So, we are back to war and eradicating Hamas while trying to free the remaining hostages. Still held hostage by Gaza terror groups when the truce collapsed were 136 people — 114 men, 20 women and two children — government spokesperson Eylon Levy said. Ten of the hostages are 75 and older. The vast majority of the hostages, 125, are Israeli. Eleven are foreign nationals, including eight from Thailand. My heart bleeds for the hostages and their families, but they need to face facts and remember who we are dealing with. Hamas would have given the other women back if they were in good enough shape to be presented publicly. They aren’t. They are either dead or brutalized so badly Hamas cannot allow them to be seen. It would truly be a miracle if any of them ever return or are rescued alive.

Israel, for its part of the negotiations, released 240 Palestinian prisoners. Around half of them had been arrested for violent crimes including 10 for attempted murder, 19 for making, planting or planning bombings, and 7 for shootings. Very few were detained for “administrative” reasons, a security tactic employed by Israel which has come under sharp criticism by many international groups. And in yet another example of incredibly stupid reporting by the lame stream media, check out this exchange between Britain’s Sky News anchor Kay Burley and Israeli spokesman Eylon Levy on the topic:

In the midst of this hostage diplomacy, one of the most important diplomats of our time, Henry Kissinger, passed away at the ripe old age of 100. Winner of the Nobel Peace Prize in 1973, and the first Jewish Secretary of State in the US, he certainly left an indelible mark on global affairs with his administration of Realpolitik diplomacy. I was never a big fan of Kissinger, given his association with Tricky Dick Nixon, and later, his secret bombings of Cambodia and Laos, but I learned something about him in one of the many obituaries which I find very relevant to the situation in Israel today. 

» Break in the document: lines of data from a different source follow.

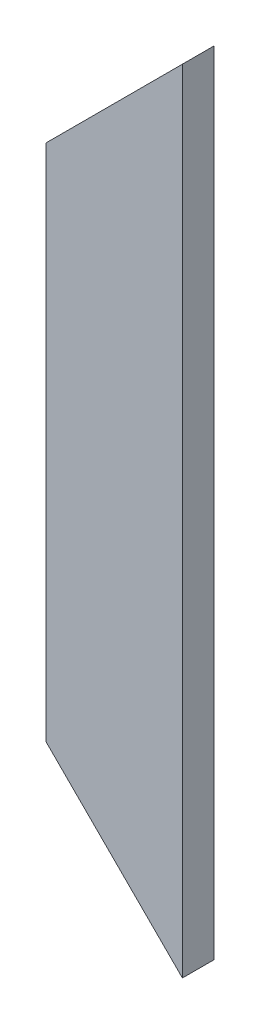
SolidWorks part; units mm, degrees
ref_plane "Front Plane" through (0, 0, 0) normal (0, 0, 1) x (1, 0, 0)
ref_plane "Top Plane" through (0, 0, 0) normal (0, 1, 0) x (1, 0, 0)
ref_plane "Right Plane" through (0, 0, 0) normal (1, 0, 0) x (0, 0, -1)
sketch "Sketch1" plane through (0, 0, 0) normal (0, 0, 1) x (1, 0, 0)
  line L0 (-13, -24.75) -> (-13, 24.75)
  line L5 (55, 0) -> (-55, 0) construction
  line L6 (-13, 24.75) -> (0, 37.75)
  line L7 (0, -55) -> (0, 55) construction
  line L8 (0, 37.75) -> (0, -37.75)
  line L9 (-13, -24.75) -> (0, -37.75)
  point P10 (0, 0)
  point P11 (-13, 0)
  dimension "D3" = 45
  dimension "D1" = 13
  dimension "D2" = 49.5
extrude "Boss-Extrude1" add sketch "Sketch1" along normal blind 3 contours L0 L9 L8 L6 region at (-6.0493, 0, 0)
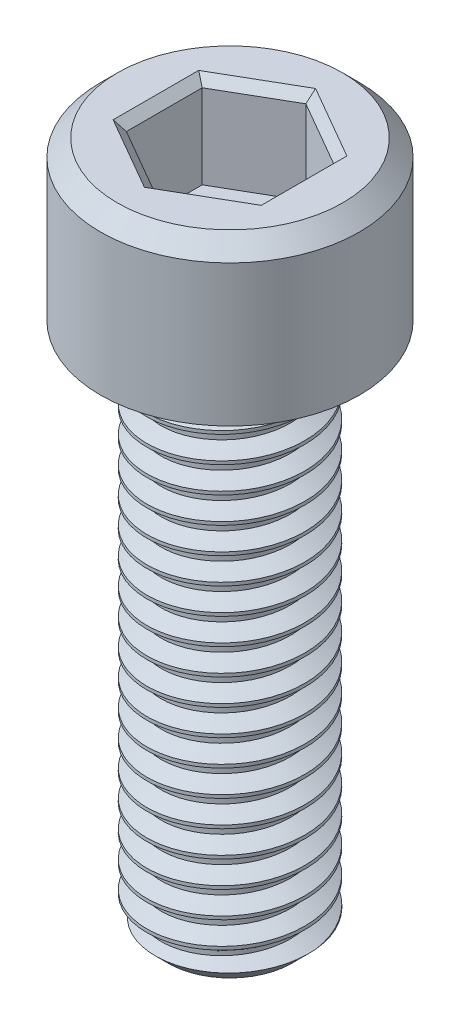
SolidWorks part; units mm, degrees
material "Plain Carbon Steel"
ref_plane "Front Plane" through (0, 0, 0) normal (0, 0, 1) x (1, 0, 0)
ref_plane "Top Plane" through (0, 0, 0) normal (0, 1, 0) x (1, 0, 0)
ref_plane "Right Plane" through (0, 0, 0) normal (1, 0, 0) x (0, 0, -1)
ref_plane "Plane1" through (0, 0, 0) normal (0, 0, -1) x (-1, 0, 0)
sketch "Sketch1" plane through (0, 0, 0) normal (0, 0, -1) x (-1, 0, 0)
  line L0 (-3.9116, -4.7752) -> (0, -4.7752)
  line L1 (0, -4.7752) -> (0, 0)
  line L2 (0, 0) -> (-3.9116, 0)
  line L3 (-3.9116, 0) -> (-3.9116, -4.7752)
  line L4 (0, -4.7752) -> (0, 0) construction
revolve "Revolve1" add sketch "Sketch1" angle 360 about L4 reverse direction yes
sketch "Sketch2" plane through (0, -4.7752, 0) normal (0, -1, 0) x (1, 0, 0)
  circle A0 centre (0, 0) radius 2.3876
extrude "Boss-Extrude1" add sketch "Sketch2" along normal blind 15.875
sketch "Sketch3" plane through (0, 0, 0) normal (0, 1, 0) x (-1, 0, 0)
  line L0 (1.9844, -1.1457) -> (1.9844, 1.1457)
  line L1 (1.9844, 1.1457) -> (0, 2.2914)
  line L2 (0, 2.2914) -> (-1.9844, 1.1457)
  line L3 (-1.9844, 1.1457) -> (-1.9844, -1.1457)
  line L4 (-1.9844, -1.1457) -> (0, -2.2914)
  line L5 (0, -2.2914) -> (1.9844, -1.1457)
extrude "Cut-Extrude1" cut sketch "Sketch3" against normal blind 2.794
chamfer "Chamfer1" distance 0.508 angle 45 2 edges at (0, -20.6502, -2.3876) (0, 0, 3.9116)
chamfer "Chamfer2" distance 0.254 angle 45 6 edges at (-0.9922, 0, -1.7185) (-1.9844, 0, 0) (0.9922, 0, -1.7185) (-0.9922, 0, 1.7185) (1.9844, 0, 0) (0.9922, 0, 1.7185)
thread "Thread1" pitch 0.7937 method cut profile "Thread Profile1" start angle 0, offset 0, length 0, pitch 0.7937, diameter 4.7752
ref_plane "Plane2" through (-2.3876, -4.7752, 0) normal (0, 0, 1) x (-1, 0, 0)
sketch "Thread Profile1" plane through (-2.3876, -4.7752, 0) normal (0, 0, 1) x (-1, 0, 0)
  line L0 (0, 0) -> (0, 0.7937) construction
  line L11 (0, 0) -> (0, 0.6945)
  line L12 (0, 0.6945) -> (-0.4296, 0.4465)
  line L13 (-0.4296, 0.4465) -> (-0.4296, 0.248)
  line L15 (-0.4296, 0.248) -> (0, 0)
  line L17 (-0.4296, 0.3473) -> (0, 0.3473) construction
  point P2 (0, 0)
  dimension "Pitch" = 0.7937
  dimension "Profile_Angle" = 60
  dimension "Profile_Land" = 0.1984
  dimension "Profile_Height" = 0.4296

According to foreign policy expert Robert Kaplan, one of the tenets of Kissinger’s Realpolitik was that “the fundamental issue in international and domestic affairs is not the control of wickedness, but the limitation of self-righteousness. For it is self-righteousness that often leads to war and the most extreme forms of repression, both at home and abroad.” I paused on that thought, and immediately connected it to a lot of the issues facing Israel today. 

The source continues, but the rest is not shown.